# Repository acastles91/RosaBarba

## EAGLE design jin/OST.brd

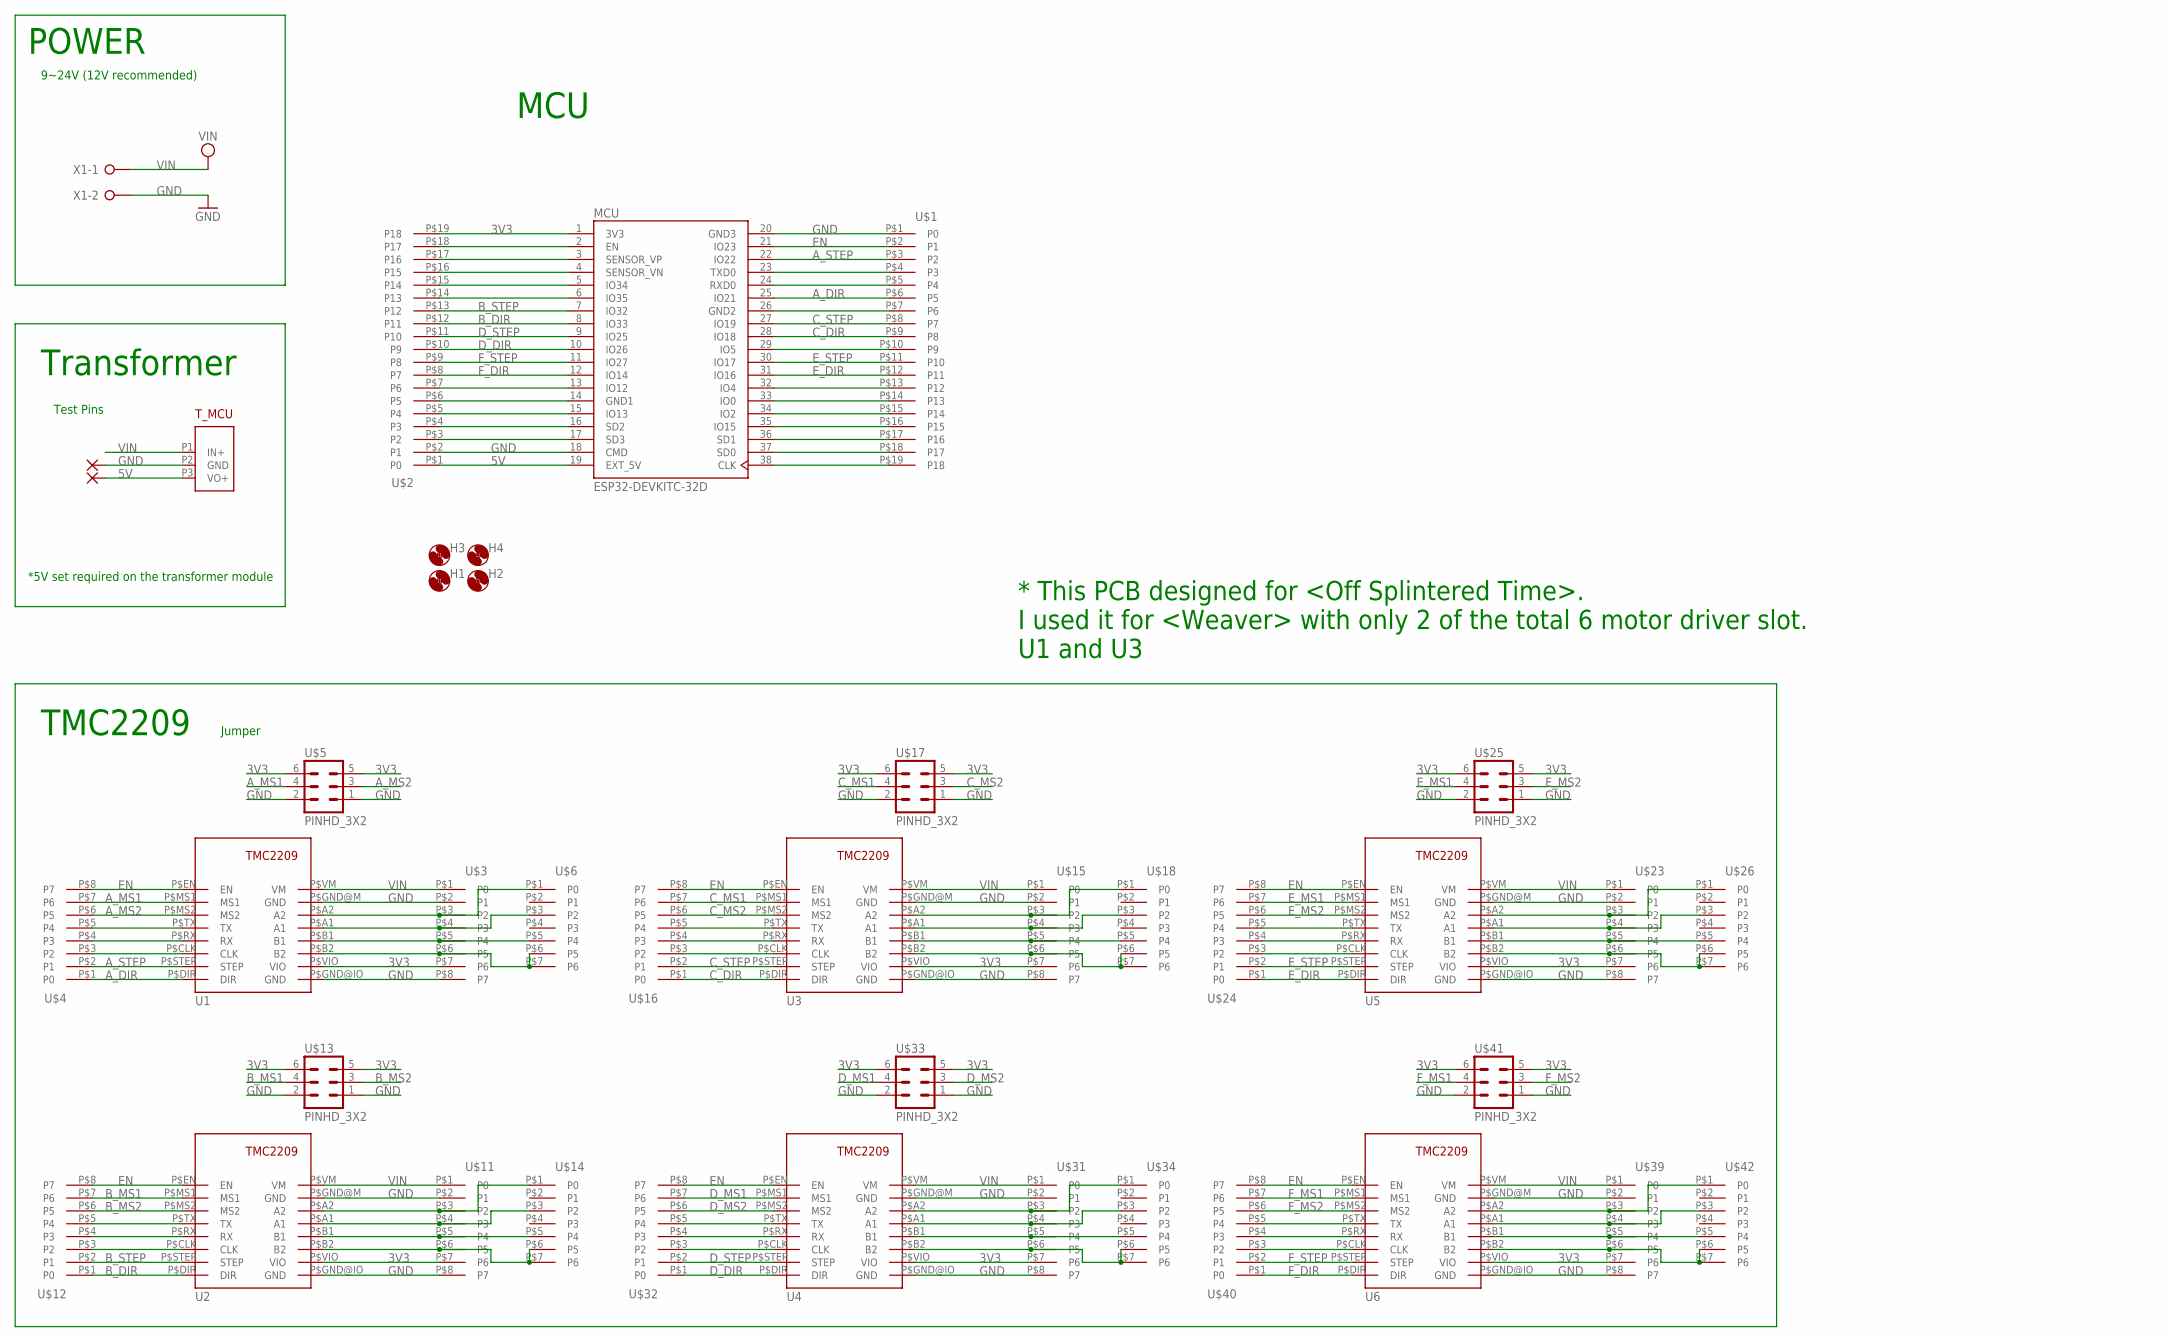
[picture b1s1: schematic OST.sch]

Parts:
H1, H2, H3, H4: MOUNT-HOLE3.2; 3,2
MCU: ESP32-DEVKITC-32D; MODULE_ESP32-DEVKITC-32D
PAD16, PAD17: 2,15/1,0
T_MCU: VOL_ADJ; FREEVOL
U1, U2, U3, U4, U5, U6: TMC2209_V3.1; TMC2209
U$1, U$2: PINHD_1X19; 19
U$3, U$4, U$11, U$12, U$15, U$16, U$23, U$24, U$31, U$32, U$39, U$40: PINHD_1X8; 8
U$5, U$13, U$17, U$25, U$33, U$41: PINHD_3X2; MA03-2
U$6, U$14, U$18, U$26, U$34, U$42: PINHD_1X7; 7
X1: W237-02P; W237-132

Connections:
3V3: MCU.1 (3V3), U1.P$VIO (VIO), U2.P$VIO (VIO), U3.P$VIO (VIO), U4.P$VIO (VIO), U5.P$VIO (VIO), U6.P$VIO (VIO), U$2.P$19 (P18), U$3.P$7 (P6), U$5.5, U$5.6, U$11.P$7 (P6), U$13.5, U$13.6, U$15.P$7 (P6), U$17.5, U$17.6, U$23.P$7 (P6), U$25.5, U$25.6, U$31.P$7 (P6), U$33.5, U$33.6, U$39.P$7 (P6), U$41.5, U$41.6
5V: MCU.19 (EXT_5V), PAD17.1, T_MCU.P3 (VO+), U$2.P$1 (P0)
A1: U1.P$A1 (A1), U$3.P$4 (P3), U$6.P$3 (P2)
A2: U1.P$A2 (A2), U$3.P$3 (P2), U$6.P$1 (P0)
A5: U2.P$A2 (A2), U$11.P$3 (P2), U$14.P$1 (P0)
A6: U2.P$A1 (A1), U$11.P$4 (P3), U$14.P$3 (P2)
A7: U3.P$A2 (A2), U$15.P$3 (P2), U$18.P$1 (P0)
A8: U3.P$A1 (A1), U$15.P$4 (P3), U$18.P$3 (P2)
A11: U5.P$A2 (A2), U$23.P$3 (P2), U$26.P$1 (P0)
A12: U5.P$A1 (A1), U$23.P$4 (P3), U$26.P$3 (P2)
A15: U4.P$A2 (A2), U$31.P$3 (P2), U$34.P$1 (P0)
A16: U4.P$A1 (A1), U$31.P$4 (P3), U$34.P$3 (P2)
A19: U6.P$A2 (A2), U$39.P$3 (P2), U$42.P$1 (P0)
A20: U6.P$A1 (A1), U$39.P$4 (P3), U$42.P$3 (P2)
A_DIR: MCU.25 (IO21), U1.P$DIR (DIR), U$1.P$6 (P5), U$4.P$1 (P0)
A_MS1: U1.P$MS1 (MS1), U$4.P$7 (P6), U$5.4
A_MS2: U1.P$MS2 (MS2), U$4.P$6 (P5), U$5.3
A_STEP: MCU.22 (IO22), U1.P$STEP (STEP), U$1.P$3 (P2), U$4.P$2 (P1)
B1: U1.P$B1 (B1), U$3.P$5 (P4), U$6.P$5 (P4)
B2: U1.P$B2 (B2), U$3.P$6 (P5), U$6.P$6 (P5), U$6.P$7 (P6)
B5: U2.P$B1 (B1), U$11.P$5 (P4), U$14.P$5 (P4)
B6: U2.P$B2 (B2), U$11.P$6 (P5), U$14.P$6 (P5), U$14.P$7 (P6)
B7: U3.P$B1 (B1), U$15.P$5 (P4), U$18.P$5 (P4)
B8: U3.P$B2 (B2), U$15.P$6 (P5), U$18.P$6 (P5), U$18.P$7 (P6)
B11: U5.P$B1 (B1), U$23.P$5 (P4), U$26.P$5 (P4)
B12: U5.P$B2 (B2), U$23.P$6 (P5), U$26.P$6 (P5), U$26.P$7 (P6)
B15: U4.P$B1 (B1), U$31.P$5 (P4), U$34.P$5 (P4)
B16: U4.P$B2 (B2), U$31.P$6 (P5), U$34.P$6 (P5), U$34.P$7 (P6)
B19: U6.P$B1 (B1), U$39.P$5 (P4), U$42.P$5 (P4)
B20: U6.P$B2 (B2), U$39.P$6 (P5), U$42.P$6 (P5), U$42.P$7 (P6)
B_DIR: MCU.8 (IO33), U2.P$DIR (DIR), U$2.P$12 (P11), U$12.P$1 (P0)
B_MS1: U2.P$MS1 (MS1), U$12.P$7 (P6), U$13.4
B_MS2: U2.P$MS2 (MS2), U$12.P$6 (P5), U$13.3
B_STEP: MCU.7 (IO32), U2.P$STEP (STEP), U$2.P$13 (P12), U$12.P$2 (P1)
C_DIR: MCU.28 (IO18), U3.P$DIR (DIR), U$1.P$9 (P8), U$16.P$1 (P0)
C_MS1: U3.P$MS1 (MS1), U$16.P$7 (P6), U$17.4
C_MS2: U3.P$MS2 (MS2), U$16.P$6 (P5), U$17.3
C_STEP: MCU.27 (IO19), U3.P$STEP (STEP), U$1.P$8 (P7), U$16.P$2 (P1)
D_DIR: MCU.10 (IO26), U4.P$DIR (DIR), U$2.P$10 (P9), U$32.P$1 (P0)
D_MS1: U4.P$MS1 (MS1), U$32.P$7 (P6), U$33.4
D_MS2: U4.P$MS2 (MS2), U$32.P$6 (P5), U$33.3
D_STEP: MCU.9 (IO25), U4.P$STEP (STEP), U$2.P$11 (P10), U$32.P$2 (P1)
EN: MCU.21 (IO23), U1.P$EN (EN), U2.P$EN (EN), U3.P$EN (EN), U4.P$EN (EN), U5.P$EN (EN), U6.P$EN (EN), U$1.P$2 (P1), U$4.P$8 (P7), U$12.P$8 (P7), U$16.P$8 (P7), U$24.P$8 (P7), U$32.P$8 (P7), U$40.P$8 (P7)
E_DIR: MCU.31 (IO16), U5.P$DIR (DIR), U$1.P$12 (P11), U$24.P$1 (P0)
E_MS1: U5.P$MS1 (MS1), U$24.P$7 (P6), U$25.4
E_MS2: U5.P$MS2 (MS2), U$24.P$6 (P5), U$25.3
E_STEP: MCU.30 (IO17), U5.P$STEP (STEP), U$1.P$11 (P10), U$24.P$2 (P1)
F_DIR: MCU.12 (IO14), U6.P$DIR (DIR), U$2.P$8 (P7), U$40.P$1 (P0)
F_MS1: U6.P$MS1 (MS1), U$40.P$7 (P6), U$41.4
F_MS2: U6.P$MS2 (MS2), U$40.P$6 (P5), U$41.3
F_STEP: MCU.11 (IO27), U6.P$STEP (STEP), U$2.P$9 (P8), U$40.P$2 (P1)
GND: MCU.18 (CMD), MCU.20 (GND3), PAD16.1, T_MCU.P2 (GND), U1.P$GND@IO (GND), U1.P$GND@M (GND), U2.P$GND@IO (GND), U2.P$GND@M (GND), U3.P$GND@IO (GND), U3.P$GND@M (GND), U4.P$GND@IO (GND), U4.P$GND@M (GND), U5.P$GND@IO (GND), U5.P$GND@M (GND), U6.P$GND@IO (GND), U6.P$GND@M (GND), U$1.P$1 (P0), U$2.P$2 (P1), U$3.P$2 (P1), U$3.P$8 (P7), U$5.1, U$5.2, U$11.P$2 (P1), U$11.P$8 (P7), U$13.1, U$13.2, U$15.P$2 (P1), U$15.P$8 (P7), U$17.1, U$17.2, U$23.P$2 (P1), U$23.P$8 (P7), U$25.1, U$25.2, U$31.P$2 (P1), U$31.P$8 (P7), U$33.1, U$33.2, U$39.P$2 (P1), U$39.P$8 (P7), U$41.1, U$41.2, X1.2
unnamed: U1.P$CLK (CLK), U$4.P$3 (P2)
unnamed: MCU.38 (CLK), U$1.P$19 (P18)
unnamed: U2.P$CLK (CLK), U$12.P$3 (P2)
unnamed: MCU.2 (EN), U$2.P$18 (P17)
unnamed: MCU.3 (SENSOR_VP), U$2.P$17 (P16)
unnamed: MCU.4 (SENSOR_VN), U$2.P$16 (P15)
unnamed: MCU.5 (IO34), U$2.P$15 (P14)
unnamed: MCU.6 (IO35), U$2.P$14 (P13)
unnamed: MCU.13 (IO12), U$2.P$7 (P6)
unnamed: MCU.14 (GND1), U$2.P$6 (P5)
unnamed: MCU.15 (IO13), U$2.P$5 (P4)
unnamed: MCU.16 (SD2), U$2.P$4 (P3)
unnamed: MCU.17 (SD3), U$2.P$3 (P2)
unnamed: U3.P$CLK (CLK), U$16.P$3 (P2)
unnamed: MCU.37 (SD0), U$1.P$18 (P17)
unnamed: MCU.36 (SD1), U$1.P$17 (P16)
unnamed: MCU.35 (IO15), U$1.P$16 (P15)
unnamed: MCU.34 (IO2), U$1.P$15 (P14)
unnamed: MCU.33 (IO0), U$1.P$14 (P13)
unnamed: MCU.32 (IO4), U$1.P$13 (P12)
unnamed: MCU.29 (IO5), U$1.P$10 (P9)
unnamed: MCU.26 (GND2), U$1.P$7 (P6)
unnamed: MCU.24 (RXD0), U$1.P$5 (P4)
unnamed: U5.P$CLK (CLK), U$24.P$3 (P2)
unnamed: U4.P$CLK (CLK), U$32.P$3 (P2)
unnamed: U6.P$CLK (CLK), U$40.P$3 (P2)
P$444: MCU.23 (TXD0), U$1.P$4 (P3)
RX: U1.P$RX (RX), U$4.P$4 (P3)
RX2: U2.P$RX (RX), U$12.P$4 (P3)
RX3: U3.P$RX (RX), U$16.P$4 (P3)
RX5: U5.P$RX (RX), U$24.P$4 (P3)
RX7: U4.P$RX (RX), U$32.P$4 (P3)
RX9: U6.P$RX (RX), U$40.P$4 (P3)
TX: U1.P$TX (TX), U$4.P$5 (P4)
TX2: U2.P$TX (TX), U$12.P$5 (P4)
TX3: U3.P$TX (TX), U$16.P$5 (P4)
TX5: U5.P$TX (TX), U$24.P$5 (P4)
TX7: U4.P$TX (TX), U$32.P$5 (P4)
TX9: U6.P$TX (TX), U$40.P$5 (P4)
VIN: T_MCU.P1 (IN+), U1.P$VM (VM), U2.P$VM (VM), U3.P$VM (VM), U4.P$VM (VM), U5.P$VM (VM), U6.P$VM (VM), U$3.P$1 (P0), U$11.P$1 (P0), U$15.P$1 (P0), U$23.P$1 (P0), U$31.P$1 (P0), U$39.P$1 (P0), X1.1

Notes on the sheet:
POWER
Transformer
MCU
Jumper
TMC2209
Test Pins
9~24V (12V recommended)
*5V set required on the transformer module
* This PCB designed for <Off Splintered Time>. I used it for <Weaver> with only 2 of the total 6 motor driver slot. U1 and U3

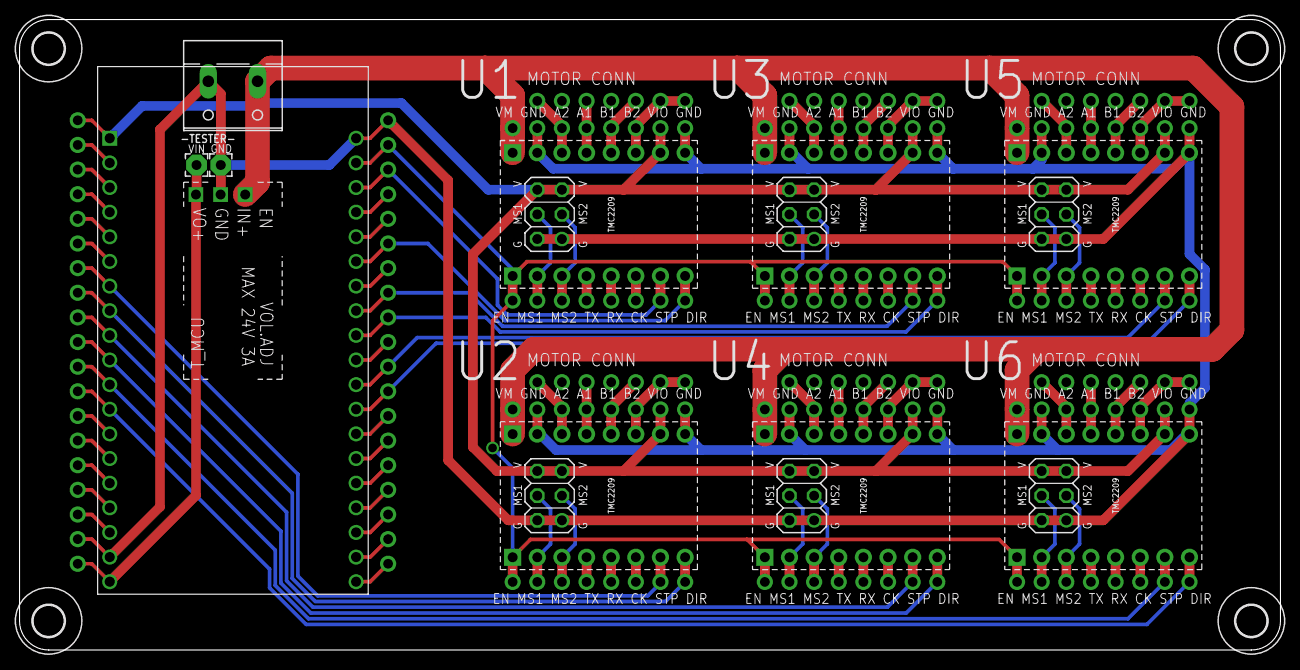
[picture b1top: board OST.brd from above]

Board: 2 copper layers, 130.0 x 65.0 mm, 41 parts (0 on the bottom side), 92 nets.

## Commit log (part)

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2022-07-28 Working with duration
2022-12-15 last working
2022-12-15 Second frame, speeds and direction approved by Nils
2023-04-28 Only one motor, not using AccelStepper, much cleaner step wave
2023-06-15 Agnieska Polska before moving back to Rosa
2023-06-15 modified, added second motor
2023-07-12 Two motors, no libraries, for Rosa Barba
2023-07-12 Speeds approved by Nils
2026-06-18 fixed startup
2026-06-18 added phonetic-script
2026-06-18 added Spiral
2026-06-18 added Spiral 2
2026-06-18 fixed normal install script
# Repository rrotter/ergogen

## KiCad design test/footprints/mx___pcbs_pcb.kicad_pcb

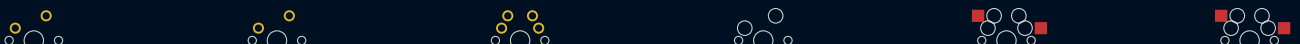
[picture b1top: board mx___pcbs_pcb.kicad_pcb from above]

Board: 2 copper layers, 6 parts (0 on the bottom side), 2 nets, no tracks yet.

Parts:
S1, S2, S3, S4, S5, S6: MX

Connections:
from: S1.1, S2.1, S3.1, S4.1, S5.1, S6.1
to: S1.2, S2.2, S3.2, S4.2, S5.2, S6.2

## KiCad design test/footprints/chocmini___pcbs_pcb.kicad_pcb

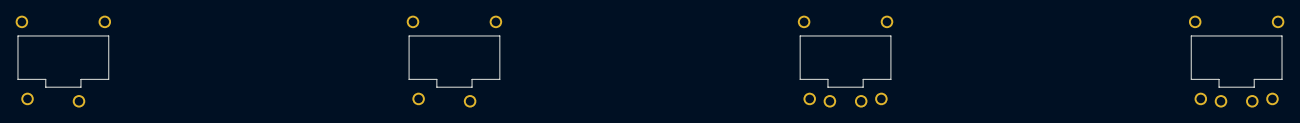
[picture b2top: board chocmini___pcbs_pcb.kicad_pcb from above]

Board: 2 copper layers, 4 parts (0 on the bottom side), 2 nets, no tracks yet.

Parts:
S1, S2, S3, S4: Kailh_PG1232

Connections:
from: S1.1, S2.1, S3.1, S4.1
to: S1.2, S2.2, S3.2, S4.2

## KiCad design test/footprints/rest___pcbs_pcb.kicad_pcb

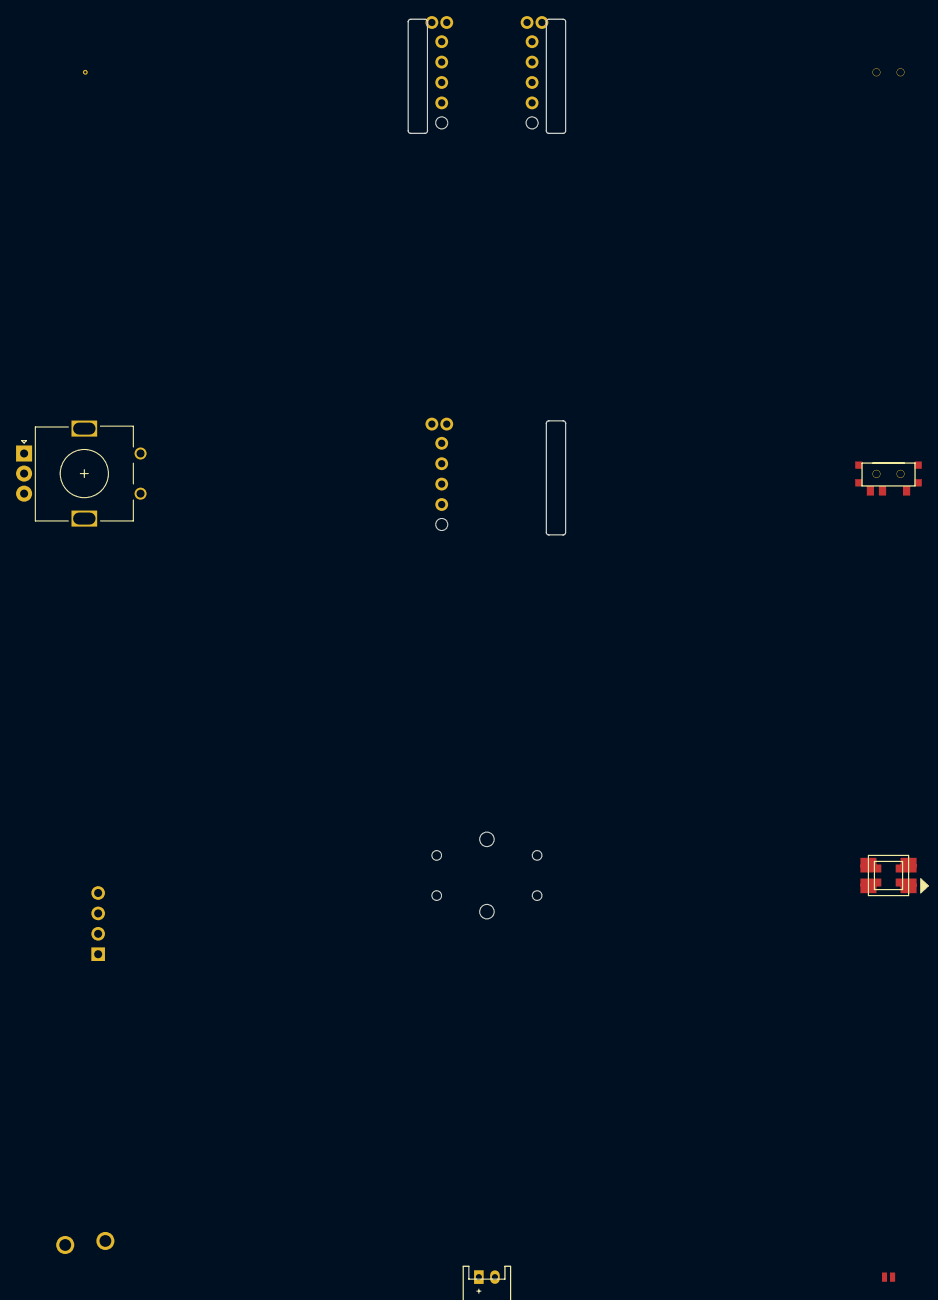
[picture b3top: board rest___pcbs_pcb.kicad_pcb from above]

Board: 2 copper layers, 9 parts (0 on the bottom side), 6 nets, no tracks yet.

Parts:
J1: Jumper
JST1: JST_PH_S2B-PH-K_02x2.00mm_Angled
LED1: WS2812B
OLED1: OLED; OLED_headers
ROT1: rotary_encoder
S1: ALPS
S2: OMRON_B3F-4055
T1, T2: SPDT_C128955

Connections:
GND: LED1.3, LED1.33, OLED1.1
VCC: LED1.1, LED1.11, OLED1.2
din: LED1.4, LED1.44
dout: LED1.2, LED1.22
from: J1.1, ROT1.1, S1.1, S2.1, S2.2, T1.1, T2.1
to: J1.2, ROT1.2, S1.2, S2.3, S2.4, T1.2, T2.2

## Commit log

2023-05-29 New Kicad format plus tests
2023-05-29 Add parenthesis to title block
2023-05-30 clean up pcb output formatting, upgrade to kicad 7
    - consistant indenting (where possible without editing footprint libraries)
    - setup block matches a new file generated in KiCad 7.0.2
    - changed generator string in header, per https://dev-docs.kicad.org/en/file-formats/sexpr-pcb/#_header_section
    - delete default net class
    - pad_to_mask_clearance 0

=-=-=

▶ **Problem statement**
Copy all lines from the material that include "Repository".

▶ **The answer**
# Repository acastles91/RosaBarba
# Repository rrotter/ergogen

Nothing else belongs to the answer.